Imagine being stuck in one of these emergency centres for say 2 days, now imagine having a tarp that you could string up somewhere 50m away from the centre, it would feel like paradise on earth  :2:

----------


## hayshaker

zack as for pscking your ghb never carry canfood cause of the freeze-thaw cycle freezedri that,s it
always update your bag depending on season of year. and remember you have to hump this thing
that said don,t over pack. will post more later

----------


## Tokwan

Google up Flood in Malaysia, Some states in Malaysia, (about 5 states being: Kelantan, Trengganu , Pahang, Perak, Johore ) are facing the worst floods since 30 years. Almost 100 thousand people have been evacuated. This is happening as I am typing.

----------


## Rick

> imagine having a tarp that you could string up somewhere 50m away from the centre




It's usually those outlying stragglers that predators pick off. Just sayin'......

----------


## kyratshooter

cbr6sf you should pull the movie Red Dawn up on the internet and watch it since it is mandatory viewing for every "prepper".  Even if you are not a "taticool" person you should know the latest fads going among that group and the "Robin Hood" stereotype is one of the leading myths.

Fact is that Erica and Danny survived in the first movie because they escaped *to* civilization !!!

As for the contents of the BOB being useful in a shelter situation, that is probably true to a degree.  The real thing is that those contents do not have to be in a "mollie bag" an alice pack or a backpack of any kind at all.  They can just as well be in an "action packer", a gym bag or a nice piece of luggage with little wheels on it for pull behind use.

And Rick is dead right.  Not only will you make yourself a target under a tarp 50m from the shelter, you will probably not be allowed to camp there for fear of you becoming a menace yourself.  

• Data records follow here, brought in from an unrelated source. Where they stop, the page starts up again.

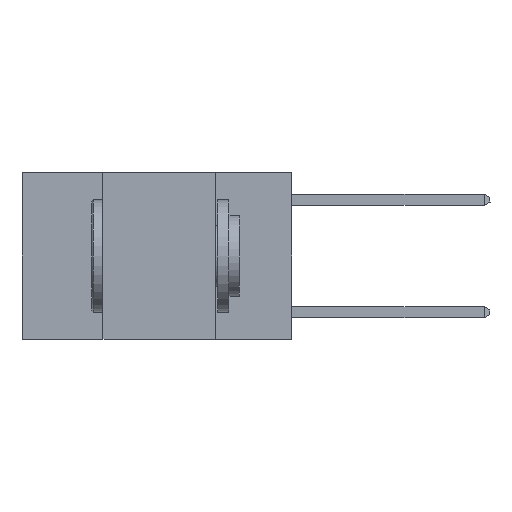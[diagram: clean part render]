
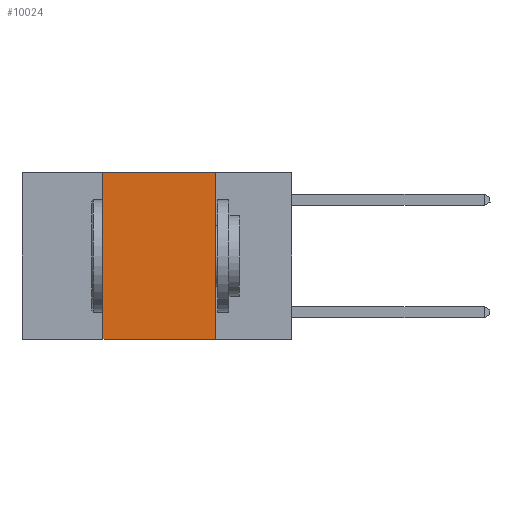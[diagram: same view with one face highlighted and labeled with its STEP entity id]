
A CAD part, left-side view. The second image highlights one B-rep face of the part: STEP entity #10024.
In plain terms, the highlighted planar face has unit normal (-1, 0, 0).
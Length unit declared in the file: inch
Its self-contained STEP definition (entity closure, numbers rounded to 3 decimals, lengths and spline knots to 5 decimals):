
#311 = EDGE_CURVE ( 'NONE', #8825, #12068, #7227, .T. ) ;
#364 = EDGE_CURVE ( 'NONE', #11008, #9614, #2608, .T. ) ;
#455 = DIRECTION ( 'NONE',  ( 0., 0., 1. ) ) ;
#754 = EDGE_CURVE ( 'NONE', #12068, #11008, #15599, .T. ) ;
#1231 = PLANE ( 'NONE',  #5293 ) ;
#1506 = FACE_OUTER_BOUND ( 'NONE', #1512, .T. ) ;
#1512 = EDGE_LOOP ( 'NONE', ( #3584, #6937, #10341, #13664 ) ) ;
#1910 = CARTESIAN_POINT ( 'NONE',  ( 0., 0.42, -0.37 ) ) ;
#2608 = LINE ( 'NONE', #3785, #9036 ) ;
#3346 = EDGE_CURVE ( 'NONE', #8825, #9614, #10923, .T. ) ;
#3584 = ORIENTED_EDGE ( 'NONE', *, *, #364, .F. ) ;
#3785 = CARTESIAN_POINT ( 'NONE',  ( 0., 0.17, 0. ) ) ;
#5293 = AXIS2_PLACEMENT_3D ( 'NONE', #15477, #7883, #16710 ) ;
#5775 = DIRECTION ( 'NONE',  ( 0., 0., -1. ) ) ;
#6877 = CARTESIAN_POINT ( 'NONE',  ( 0., 0.17, 0. ) ) ;
#6937 = ORIENTED_EDGE ( 'NONE', *, *, #754, .F. ) ;
#6942 = CARTESIAN_POINT ( 'NONE',  ( 0., 0.6, 0. ) ) ;
#7037 = DIRECTION ( 'NONE',  ( 0., -1., 0. ) ) ;
#7227 = LINE ( 'NONE', #9165, #13557 ) ;
#7231 = DIRECTION ( 'NONE',  ( 0., -1., 0. ) ) ;
#7487 = CARTESIAN_POINT ( 'NONE',  ( 0., 0.42, 0. ) ) ;
#7883 = DIRECTION ( 'NONE',  ( 1., 0., 0. ) ) ;
#8463 = VECTOR ( 'NONE', #7037, 39.37008 ) ;
#8825 = VERTEX_POINT ( 'NONE', #1910 ) ;
#9036 = VECTOR ( 'NONE', #5775, 39.37008 ) ;
#9165 = CARTESIAN_POINT ( 'NONE',  ( 0., 0.42, 0. ) ) ;
#9614 = VERTEX_POINT ( 'NONE', #11030 ) ;
#10024 = ADVANCED_FACE ( 'NONE', ( #1506 ), #1231, .F. ) ;
#10341 = ORIENTED_EDGE ( 'NONE', *, *, #311, .F. ) ;
#10923 = LINE ( 'NONE', #11017, #11302 ) ;
#11008 = VERTEX_POINT ( 'NONE', #6877 ) ;
#11017 = CARTESIAN_POINT ( 'NONE',  ( 0., 0.6, -0.37 ) ) ;
#11030 = CARTESIAN_POINT ( 'NONE',  ( 0., 0.17, -0.37 ) ) ;
#11302 = VECTOR ( 'NONE', #7231, 39.37008 ) ;
#12068 = VERTEX_POINT ( 'NONE', #7487 ) ;
#13557 = VECTOR ( 'NONE', #455, 39.37008 ) ;
#13664 = ORIENTED_EDGE ( 'NONE', *, *, #3346, .T. ) ;
#15477 = CARTESIAN_POINT ( 'NONE',  ( 0., 0.6, 0. ) ) ;
#15599 = LINE ( 'NONE', #6942, #8463 ) ;
#16710 = DIRECTION ( 'NONE',  ( 0., 0., -1. ) ) ;

I always take it for granted that the person considering life under a tarp is not equipped with the standard wife and 2.5 children. I can not imagine anyone I have ever been married too sitting under a tarp in a hurricane looking at a dry shelter complete with food, showers and a working bathroom without the words "F#%^ this I'm going in there!" being the final words of the conversation no matter what trinkets you have in the BOB.

----------


## Zack

> Think about this Zack,
> 
> Hurricanes do not sneak up on you from out of nowhere.  They move all the way across the Atlantic from the African coast and the NWS even names them and tracks them for the entire journey.  Warnings are usually issued well in advance just so people cam plan a calm and safe  evacuation. 
> 
> If the NWS issues a warning for the Delmarva Peninsula and includes an evacuation warning then listen to them!
> 
> Do not grab the BOB and head for the woods.  The woods will be under water!
> 
> Do not shelter in place.  "The place" may be under water.
> ...


That's true.  We never got hit really bad during Hurricanes Sandy or Irene, but a Bradford Pear did fall away from my home, but if the chain link fence it fell on was a car or bedroom, the only "bugging out" we'd be doing is straight to the emergency room.  The fact that we can predict the storm is definitely beneficial, that way I've got time to travel to my relative's home.  However, something could prohibit my escape by car.  In that situation, I'd prefer to have a BOB so that I could find shelter outside of the disaster zone, even if means I have to hike or bike there.

----------


## Zack

I just got back from my overnight that I mentioned above.  It was not very enjoyable, but I learned a couple things. First of all, I need a way to warm up a shelter.  My 4x6 tarp, which was $0.99, was not warm enough.  I woke up shivering multiple times.  How do you keep your primitive shelters warm?  I know fire is good, but in the site I was at, I couldn't put a fire right up by my shelter.  Any advice?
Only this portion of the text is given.